SUPPLIED RECORDS:
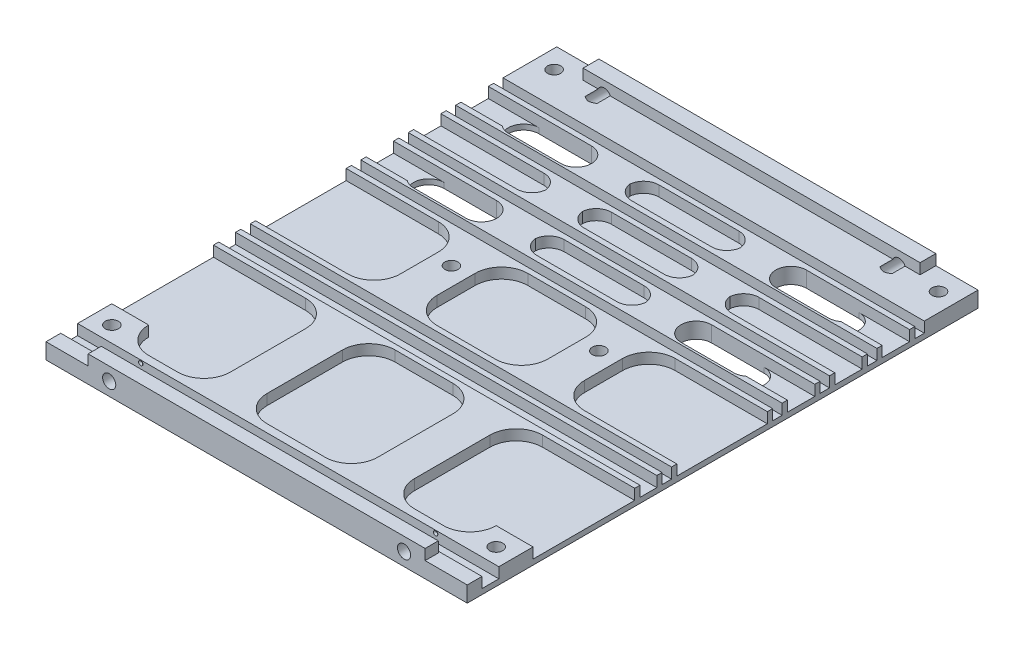
SolidWorks part; units mm, degrees
material "6061-T6 (SS)"
ref_plane "Front Plane" through (0, 0, 0) normal (0, 0, 1) x (1, 0, 0)
ref_plane "Top Plane" through (0, 0, 0) normal (0, 1, 0) x (1, 0, 0)
ref_plane "Right Plane" through (0, 0, 0) normal (1, 0, 0) x (0, 0, -1)
sketch "Sketch1" plane through (0, 0, 0) normal (0, 1, 0) x (1, 0, 0)
  line L0 (-28, 47) -> (28, 47) construction
  line L1 (-40, -48.5) -> (40, -48.5)
  line L2 (-40, -48.5) -> (-40, 48.5)
  line L3 (-40, 48.5) -> (40, 48.5)
  line L4 (40, -48.5) -> (40, 48.5)
  line L5 (-40, -48.5) -> (40, 48.5) construction
  line L6 (-40, 48.5) -> (40, -48.5) construction
  line L7 (28, 47) -> (28, -47) construction
  line L8 (28, -47) -> (-28, -47) construction
  line L9 (-28, -47) -> (-28, 47) construction
  line L10 (-40, 0) -> (-28, 0) construction
  line L12 (0, 47) -> (0, 48.5) construction
  circle A0 centre (-28, 47) radius 1.75
  circle A1 centre (28, 47) radius 1.75
  circle A2 centre (28, -47) radius 1.75
  circle A3 centre (-28, -47) radius 1.75
  point P0 (0, 0)
  dimension "D5" = 3.5
  dimension "D1" = 80
  dimension "D2" = 97
  dimension "D3" = 56
  dimension "D4" = 94
extrude "Boss-Extrude1" add sketch "Sketch1" along normal blind 1 contours L1 L4 L3 L2 A3 A2 A1 A0 | A0 | A1 | A2 | A3 | L2 L1 L4 L3 region at (0, 0, 0) region at (-28, 0, 46.9476) region at (-28, 0, -46.9476) region at (28, 0, 46.9476) region at (28, 0, -46.9476)
sketch "Sketch4" plane through (0, 1, 0) normal (0, 1, 0) x (1, 0, 0)
  line L1 (-40, 39.3) -> (40, 39.3)
  line L2 (-40, 39.3) -> (-40, 38.3)
  line L3 (-40, 38.3) -> (40, 38.3)
  line L4 (40, 39.3) -> (40, 38.3)
  line L6 (-40, 48.5) -> (40, 48.5) construction
  line L7 (-40, 36.5) -> (40, 36.5)
  line L8 (-40, 36.5) -> (-40, 35.5)
  line L9 (-40, 35.5) -> (40, 35.5)
  line L10 (40, 36.5) -> (40, 35.5)
  line L11 (-40, 38.3) -> (-40, 37.4) construction
  line L12 (-40, 37.4) -> (-40, 36.5) construction
  line L13 (-40, 37.4) -> (40, 37.4) construction
  line L14 (-28, 48.5) -> (-28, 37.4) construction
  line L15 (-40, -48.5) -> (-40, 48.5) construction
  line L16 (40, -48.5) -> (40, 48.5) construction
  dimension "D1" = 1
  dimension "D2" = 1.8
  dimension "D3" = 12
  dimension "D4" = 11.1
extrude "Boss-Extrude2" add sketch "Sketch4" along normal blind 2
pattern_linear "LPattern1" count 4 spacing 9 along (0, 0, 1) of "Boss-Extrude2"
ref_plane "Plane1" through (0, 0, -37.4) normal (0, 0, 1) x (1, 0, 0)
ref_plane "Plane2" through (0, 0, 0.1) normal (0, 0, 1) x (1, 0, 0)
mirror "Mirror1" about plane through (0, 0, 0.1) normal (0, 0, 1) of "LPattern1"
sketch "Sketch10" plane through (0, 1, 0) normal (0, 1, 0) x (1, 0, 0)
  line L0 (40, -39.5) -> (-40, -39.5) construction
  line L1 (-40, -17.7) -> (40, -17.7)
  line L2 (-40, -17.7) -> (-40, -39.5)
  line L3 (-40, -39.5) -> (40, -39.5)
  line L4 (40, -17.7) -> (40, -39.5)
  line L5 (40, -48.5) -> (40, -39.5) construction
extrude "Remove_3_rows" cut sketch "Sketch10" along normal through all
sketch "Sketch5" plane through (0, 1, 0) normal (0, -1, 0) x (1, 0, 0)
  line L0 (36.5, -44.5) -> (-36.5, -44.5) construction
  line L1 (-36.5, -44.5) -> (-36.5, 39.5) construction
  line L2 (-36.5, 39.5) -> (36.5, 39.5) construction
  line L3 (36.5, 39.5) -> (36.5, -44.5) construction
  line L4 (0, -44.5) -> (0, 0) construction
  line L5 (0, 0) -> (36.5, 0) construction
  line L6 (-36.5, -44.5) -> (-36.5, -48.5) construction
  line L7 (-40, -48.5) -> (40, -48.5) construction
  line L8 (-14, -2.5) -> (14, -2.5) construction
  line L9 (-14, -2.5) -> (-14, -44.5) construction
  line L10 (-14, -2.5) -> (-14, 39.5) construction
  point P3 (-36.5, 39.5)
  point P5 (36.5, 39.5)
  point P7 (36.5, -44.5)
  point P18 (-36.5, -44.5)
  point P20 (0, -2.5)
  point P24 (-14, -2.5)
  point P25 (14, -2.5)
  dimension "D1" = 28
  dimension "D2" = 73
  dimension "D3" = 84
  dimension "D4" = 4
sketch "Sketch12" plane through (0, 1, 0) normal (0, 1, 0) x (1, 0, 0)
  line L4 (-40, -14.1) -> (40, -14.1) construction
  line L5 (40, -14.1) -> (40, -44.1) construction
  line L6 (40, -44.1) -> (-40, -44.1) construction
  line L7 (-40, -12.5) -> (-40, -14.1) construction
  line L8 (-40, -11.5) -> (40, -11.5)
  line L9 (-40, -11.5) -> (-40, -12.5)
  line L10 (-40, -12.5) -> (40, -12.5)
  line L11 (40, -11.5) -> (40, -12.5)
  line L12 (40, -16.7) -> (-40, -16.7)
  line L13 (40, -16.7) -> (40, -15.7)
  line L14 (40, -15.7) -> (-40, -15.7)
  line L15 (-40, -16.7) -> (-40, -15.7)
  line L16 (-40, -14.1) -> (-40, -15.7) construction
  line L17 (-40, -42.5) -> (-40, -44.1) construction
  line L18 (-40, -41) -> (40, -41)
  line L19 (-40, -41) -> (-40, -42.5)
  line L20 (-40, -42.5) -> (40, -42.5)
  line L21 (40, -41) -> (40, -42.5)
  line L22 (40, -45.7) -> (-40, -45.7)
  line L23 (40, -45.7) -> (40, -47.2)
  line L24 (40, -47.2) -> (-40, -47.2)
  line L25 (-40, -45.7) -> (-40, -47.2)
  line L26 (-40, -44.1) -> (-40, -45.7) construction
  line L27 (-40, -11.5) -> (40, -11.5) construction
  line L28 (40, -48.5) -> (40, -12.5) construction
  line L30 (-40, -48.5) -> (-40, -12.5) construction
  dimension "D2" = 33.2
  dimension "D3" = 3.2
  dimension "D4" = 1
  dimension "D6" = 3.2
  dimension "D7" = 1.5
extrude "PayloadSlots" add sketch "Sketch12" along normal up to surface (2 mm away) up to face at (0, 3, 9.2)
sketch "Sketch16" plane through (0, 1, 0) normal (0, 1, 0) x (1, 0, 0)
  line L0 (-14, 2.5) -> (14, 2.5) construction
  line L1 (-14, 2.5) -> (14, 2.5)
  line L2 (-17.5, 2.5) -> (-17.5, -8.7)
  line L4 (-17.5, -8.7) -> (-10.5, -8.7)
  line L5 (-10.5, -8.7) -> (-10.5, 2.5)
  line L6 (10.5, 2.5) -> (10.5, -8.7)
  line L7 (10.5, -8.7) -> (17.5, -8.7)
  line L8 (17.5, -8.7) -> (17.5, 2.5)
  line L9 (-40, -8.7) -> (40, -8.7) construction
  circle A0 centre (-14, 2.5) radius 3.5
  circle A1 centre (14, 2.5) radius 3.5
  dimension "D1" = 7
  dimension "D2" = 7
extrude "Boss-Extrude8" add sketch "Sketch16" along normal up to surface (2 mm away) contours A0 | A0 L2 L5 | A1 L6 L8 | A1 region at (14, 1, -5.901) region at (14, 1, 4.4383) region at (-14, 1, 0.901) region at (-14, 1, 4.4383) up to face at (0, 3, 9.2)
sketch "Sketch22" plane through (0, 1, 0) normal (0, 1, 0) x (1, 0, 0)
  line L0 (-40, -48.5) -> (-40, -47.2) construction
  line L1 (-40, 48.5) -> (40, 48.5)
  line L2 (-40, 48.5) -> (-40, 39.3)
  line L3 (-40, 39.3) -> (40, 39.3)
  line L4 (40, 48.5) -> (40, 39.3)
  line L5 (40, -48.5) -> (-40, -48.5)
  line L6 (40, -48.5) -> (40, -46)
  line L7 (40, -46) -> (-40, -46)
  line L8 (-40, -48.5) -> (-40, -46)
  dimension "D1" = 2.5
extrude "Boss-Extrude9" add sketch "Sketch22" along normal blind 4
fillet "Fillet4" radius 5 4 edges at (-10.5, 2, 8.7) (-17.5, 2, 8.7) (10.5, 2, 8.7) (17.5, 2, 8.7)
sketch "Sketch23" plane through (0, 0, -48.5) normal (0, 0, -1) x (-1, 0, 0)
  line L0 (-28, 2.5) -> (28, 2.5) construction
  line L1 (28, 2.5) -> (40, 2.5) construction
  line L2 (-28, 2.5) -> (-40, 2.5) construction
  line L3 (40, 5) -> (40, 0) construction
  line L4 (-40, 5) -> (-40, 0) construction
  dimension "D1" = 2.5
  dimension "D2" = 56
ref_plane "Plane3" through (0, 0, 0) normal (0, 0, -1) x (-1, 0, 0)
hole_wizard "M3x0.5 Tapped Hole2" positions "Sketch24" profile "Sketch25" tap size "M3x0.5" standard "ANSI Metric"
sketch "Sketch24" plane through (0, 0, -48.5) normal (0, 0, -1) x (-1, 0, 0)
  point P0 (-28, 2.5)
  point P3 (28, 2.5)
sketch "Sketch25" plane through (28, 2.5, -48.5) normal (1, 0, 0) x (0, 1, 0)
  line L0 (0, 0) -> (0, 6.2511)
  line L1 (0, 6.2511) -> (1.25, 5.5)
  line L2 (1.25, 5.5) -> (1.25, 0)
  line L5 (1.25, 0) -> (0, 0)
  line L10 (0, 6.2511) -> (-1.25, 5.5) construction
  line L11 (0, -6.35) -> (0, 107.95) construction
  dimension "Tap Drill Dia." = 2.5
  dimension "Tap Drill Depth" = 5.5
  dimension "Drill Angle" = 118
cosmetic thread "Hole Thread7" parameters "D1"=5.1, "D2"=3
cosmetic thread "Hole Thread8" parameters "D1"=5.1, "D2"=3
mirror "Mirror2" about plane through (0, 0, 0) normal (0, 0, -1) of "M3x0.5 Tapped Hole2"
sketch "Sketch26" plane through (0, 5, 0) normal (0, 1, 0) x (1, 0, 0)
  line L0 (-40, 48.5) -> (-40, 39.3) construction
  line L1 (40, 39.3) -> (-40, 39.3)
  line L2 (40, 39.3) -> (40, 45.5)
  line L3 (40, 45.5) -> (-40, 45.5)
  line L4 (-40, 39.3) -> (-40, 45.5)
  line L5 (-28, 48.5) -> (-40, 48.5) construction
  line L6 (40, -48.5) -> (40, -46) construction
  line L7 (-40, -46) -> (40, -46)
  line L8 (-40, -46) -> (-40, -45.5)
  line L9 (-40, -45.5) -> (40, -45.5)
  line L10 (40, -46) -> (40, -45.5)
  line L11 (-40, -48.5) -> (40, -48.5) construction
  line L12 (40, 48.5) -> (-40, 48.5) construction
  line L13 (-40, -48.5) -> (-32, -48.5)
  line L14 (-40, -48.5) -> (-40, -45.5)
  line L15 (-40, -45.5) -> (-32, -45.5)
  line L16 (-32, -48.5) -> (-32, -45.5)
  line L17 (40, -48.5) -> (32, -48.5)
  line L18 (40, -48.5) -> (40, -45.5)
  line L19 (40, -45.5) -> (32, -45.5)
  line L20 (32, -48.5) -> (32, -45.5)
  line L21 (40, 45.5) -> (32, 45.5)
  line L22 (40, 45.5) -> (40, 48.5)
  line L23 (40, 48.5) -> (32, 48.5)
  line L24 (32, 45.5) -> (32, 48.5)
  line L25 (-32, 45.5) -> (-32, -45.5) construction
  line L26 (-40, 45.5) -> (-32, 45.5)
  line L27 (-40, 45.5) -> (-40, 48.5)
  line L28 (-40, 48.5) -> (-32, 48.5)
  line L29 (-32, 45.5) -> (-32, 48.5)
  line L30 (32, -45.5) -> (32, 45.5) construction
  line M16 (-40, 48.5) -> (-40, 39.3)
  line M17 (-40, 39.3) -> (40, 39.3)
  line M18 (40, 39.3) -> (40, 48.5)
  line M19 (40, 48.5) -> (-40, 48.5)
  dimension "D1" = 3
  dimension "D2" = 3
  dimension "D3" = 8
  dimension "D4" = 8
extrude "Cut-Extrude1" cut sketch "Sketch26" against normal up to surface (2 mm away) contours L10 L7 L8 L9 | L13 L16 L9 L14 | L20 L17 L18 L9 | L24 L3 M18 M19 | L3 M18 M16 M17 | L3 L29 M19 M16 region at (0, 5, -42.4) region at (36, 5, -47) region at (-36, 5, -47) region at (-36, 5, 47.25) region at (36, 5, 47.25) up to face at (0, 3, -38.8)
sketch "Sketch28" plane through (0, 1, 0) normal (0, 1, 0) x (1, 0, 0)
  line L0 (-40, 35.5) -> (40, 35.5) construction
  line L1 (-17.5, 35.5) -> (-10.5, 35.5)
  line L2 (-17.5, 35.5) -> (-17.5, -41)
  line L3 (-17.5, -41) -> (-10.5, -41)
  line L4 (-10.5, 35.5) -> (-10.5, -41)
  line L5 (40, -41) -> (-40, -41) construction
  line L6 (-40, -41) -> (-17.5, -41) construction
  line L7 (10.5, -41) -> (17.5, -41)
  line L8 (10.5, -41) -> (10.5, 35.5)
  line L9 (10.5, 35.5) -> (17.5, 35.5)
  line L10 (17.5, -41) -> (17.5, 35.5)
  line L11 (-10.5, -41) -> (10.5, -41) construction
  line L12 (40, -41) -> (17.5, -41) construction
  line L13 (-40, -16.7) -> (40, -16.7) construction
  line L14 (40, 21.3) -> (-40, 21.3) construction
  line L15 (40, 12.3) -> (-40, 12.3) construction
  line L16 (-40, 8.5) -> (40, 8.5) construction
  line L17 (-40, 17.5) -> (40, 17.5) construction
  line L18 (-40, 26.5) -> (40, 26.5) construction
  line L19 (40, 30.3) -> (-40, 30.3) construction
  line L20 (-40, -16.7) -> (40, -16.7)
  line L21 (40, 21.3) -> (-40, 21.3)
  line L22 (40, 12.3) -> (-40, 12.3)
  line L23 (-40, 8.5) -> (40, 8.5)
  line L24 (-40, 17.5) -> (40, 17.5)
  line L25 (-40, 26.5) -> (40, 26.5)
  line L26 (40, 30.3) -> (-40, 30.3)
  line L27 (-7.9, 14.9) -> (-7.9, 35.5) construction
  line L29 (7.9, 14.9) -> (7.9, 35.5) construction
  arc A0 (-10.5, 2.5) -> (-17.5, 2.5) centre (-14, 2.5) ccw construction
  arc A1 (-10.5, 2.5) -> (-17.5, 2.5) centre (-14, 2.5) ccw
  arc A2 (17.5, 2.5) -> (10.5, 2.5) centre (14, 2.5) ccw construction
  arc A3 (17.5, 2.5) -> (10.5, 2.5) centre (14, 2.5) ccw
  circle A4 centre (-7.9, 14.9) radius 2.6
  circle A5 centre (7.9, 14.9) radius 2.6
  circle A6 centre (-7.9, 27.8487) radius 2.6
  circle A7 centre (7.9, 27.8487) radius 2.6
  circle A8 centre (-7.9, 37.2035) radius 2.6
  circle A9 centre (7.9, 36.6874) radius 2.6
  circle A10 centre (-21.1091, 18.5) radius 3.6091
  circle A11 centre (-21.1091, 27.8487) radius 3.6091
  circle A12 centre (-22.4679, 37.2035) radius 4.9679
  line M13 (-40, -41) -> (40, -41)
  line M15 (40, -16.7) -> (-40, -16.7)
  dimension "D1" = 21
  dimension "D2" = 7
extrude "Boss-Extrude10" add sketch "Sketch28" along normal up to surface (2 mm away) contours L4 L2 M15 M13 | A1 L4 L23 L2 | L25 L8 L21 L10 | L26 L10 L9 L8 | L24 L2 L22 L4 | L25 L2 L21 L4 | L26 L4 L1 L2 | A3 L10 L23 L8 | L10 L8 M13 M15 | L24 L8 L22 L10 region at (-14, 1, -32.9) region at (-14, 1, -23.9) region at (-14, 1, -14.9) region at (14, 1, -23.9) region at (14, 1, -14.9) region at (14, 1, -32.9) region at (-14, 1, -6.7806) region at (14, 1, -6.7806) region at (-14, 1, 28.85) region at (14, 1, 28.85) up to face at (-0.0114, 3, -44.6693)
fillet "Fillet5" radius 5 12 edges at (-17.5, 2, -8.5) (10.5, 2, -8.5) (17.5, 2, -8.5) (-10.5, 2, -8.5) (17.5, 2, 16.7) (17.5, 2, 41) (-17.5, 2, 41) (10.5, 2, 41) (10.5, 2, 16.7) (-17.5, 2, 16.7) (-10.5, 2, 16.7) (-10.5, 2, 41)
fillet "Fillet6" radius 2.9 24 edges at (-10.5, 2, -17.5) (17.5, 2, -17.5) (17.5, 2, -26.5) (-10.5, 2, -26.5) (-10.5, 2, -35.5) (17.5, 2, -35.5) (17.5, 2, -30.3) (-10.5, 2, -30.3) (-10.5, 2, -21.3) (17.5, 2, -21.3) (17.5, 2, -12.3) (-10.5, 2, -12.3) (-17.5, 2, -12.3) (10.5, 2, -12.3) (-17.5, 2, -21.3) (10.5, 2, -21.3) (10.5, 2, -30.3) (10.5, 2, -17.5) (10.5, 2, -26.5) (10.5, 2, -35.5) (-17.5, 2, -17.5) (-17.5, 2, -26.5) (-17.5, 2, -35.5) (-17.5, 2, -30.3)
sketch "Sketch29" plane through (0, 1, 0) normal (0, 1, 0) x (1, 0, 0)
  line L0 (40, -41) -> (22.5, -41) construction
  line L1 (33, -41) -> (40, -41)
  line L2 (33, -41) -> (33, -36)
  line L3 (33, -36) -> (40, -36)
  line L4 (40, -41) -> (40, -36)
  line L5 (40, -41) -> (40, -16.7) construction
  line L6 (-33, -36) -> (33, -36) construction
  line L7 (-40, -41) -> (-33, -41)
  line L8 (-40, -41) -> (-40, -36)
  line L9 (-40, -36) -> (-33, -36)
  line L10 (-33, -41) -> (-33, -36)
  dimension "D1" = 5
  dimension "D2" = 7
extrude "Boss-Extrude11" add sketch "Sketch29" along normal up to surface (2 mm away) up to face at (0, 3, 28.85)
fillet "Fillet7" radius 5 2 edges at (33, 2, 41) (-33, 2, 41)
hole_wizard "M3x0.5 Tapped Hole1" positions "Sketch20" profile "Sketch21" tap size "M3x0.5" standard "ANSI Metric" end condition up to next
sketch "Sketch20" plane through (0, 0, 0) normal (0, -1, 0) x (-1, 0, 0)
  point P0 (36.5, 44.5)
  point P3 (-36.5, 44.5)
  point P6 (14, 2.5)
  point P9 (-14, 2.5)
  point P12 (36.5, -39.5)
  point P15 (-36.5, -39.5)
sketch "Sketch21" plane through (-36.5, 0, -44.5) normal (1, 0, 0) x (0, 0, -1)
  line L0 (0, 0) -> (0, 3)
  line L1 (0, 3) -> (1.25, 3)
  line L2 (1.25, 3) -> (1.25, 0)
  line L5 (1.25, 0) -> (0, 0)
  line L11 (0, -6.35) -> (0, 107.95) construction
  dimension "Thru Tap Drill Dia." = 2.5
  dimension "Thru Tap Drill Depth" = 3
cosmetic thread "Hole Thread1" parameters "D2"=3
cosmetic thread "Hole Thread2" parameters "D2"=3
cosmetic thread "Hole Thread3" parameters "D2"=3
cosmetic thread "Hole Thread4" parameters "D2"=3
cosmetic thread "Hole Thread5" parameters "D2"=3
cosmetic thread "Hole Thread6" parameters "D2"=3
sketch "Sketch30" plane through (0, 1, 0) normal (0, 1, 0) x (1, 0, 0)
  line L0 (20.4, 14.6) -> (30.4, 14.6) construction
  line L1 (20.4, 17.5) -> (30.4, 17.5)
  line L2 (20.4, 11.7) -> (30.4, 11.7)
  line L3 (20.4, 32.6) -> (30.4, 32.6) construction
  line L4 (20.4, 35.5) -> (30.4, 35.5)
  line L5 (20.4, 29.7) -> (30.4, 29.7)
  line L6 (0, 0) -> (0, 48.9466) construction
  line L7 (-20.4, 32.6) -> (-30.4, 32.6) construction
  line L8 (-20.4, 35.5) -> (-30.4, 35.5)
  line L9 (-20.4, 29.7) -> (-30.4, 29.7)
  line L10 (-20.4, 14.6) -> (-30.4, 14.6) construction
  line L11 (-20.4, 17.5) -> (-30.4, 17.5)
  line L12 (-20.4, 11.7) -> (-30.4, 11.7)
  arc A2 (20.4, 17.5) -> (20.4, 11.7) centre (20.4, 14.6) ccw
  arc A3 (30.4, 11.7) -> (30.4, 17.5) centre (30.4, 14.6) ccw
  arc A4 (20.4, 35.5) -> (20.4, 29.7) centre (20.4, 32.6) ccw
  arc A5 (30.4, 29.7) -> (30.4, 35.5) centre (30.4, 32.6) ccw
  arc A6 (20.4, 35.5) -> (17.5156, 32.9) centre (20.4, 32.6) ccw construction
  arc A7 (20.4, 17.5) -> (17.5156, 14.9) centre (20.4, 14.6) ccw construction
  arc A8 (-20.4, 35.5) -> (-20.4, 29.7) centre (-20.4, 32.6) cw
  arc A9 (-30.4, 29.7) -> (-30.4, 35.5) centre (-30.4, 32.6) cw
  arc A10 (-20.4, 17.5) -> (-20.4, 11.7) centre (-20.4, 14.6) cw
  arc A11 (-30.4, 11.7) -> (-30.4, 17.5) centre (-30.4, 14.6) cw
  point P4 (25.4, 14.6)
  point P12 (25.4, 32.6)
  point P20 (-25.4, 32.6)
  point P34 (-25.4, 14.6)
  dimension "D1" = 10
  dimension "D2" = 10
extrude "Cut-Extrude2" cut sketch "Sketch30" against normal through all and the other way through all

EXERCISE DESCRIPTION:
Nothing but an exact copy is asked for: the lines from the start of the records through the line with "0) normal (1, 0, 0)", both ends included, minus any pictures.

YOUR SOLUTION:
SolidWorks part; units mm, degrees
material "6061-T6 (SS)"
ref_plane "Front Plane" through (0, 0, 0) normal (0, 0, 1) x (1, 0, 0)
ref_plane "Top Plane" through (0, 0, 0) normal (0, 1, 0) x (1, 0, 0)
ref_plane "Right Plane" through (0, 0, 0) normal (1, 0, 0) x (0, 0, -1)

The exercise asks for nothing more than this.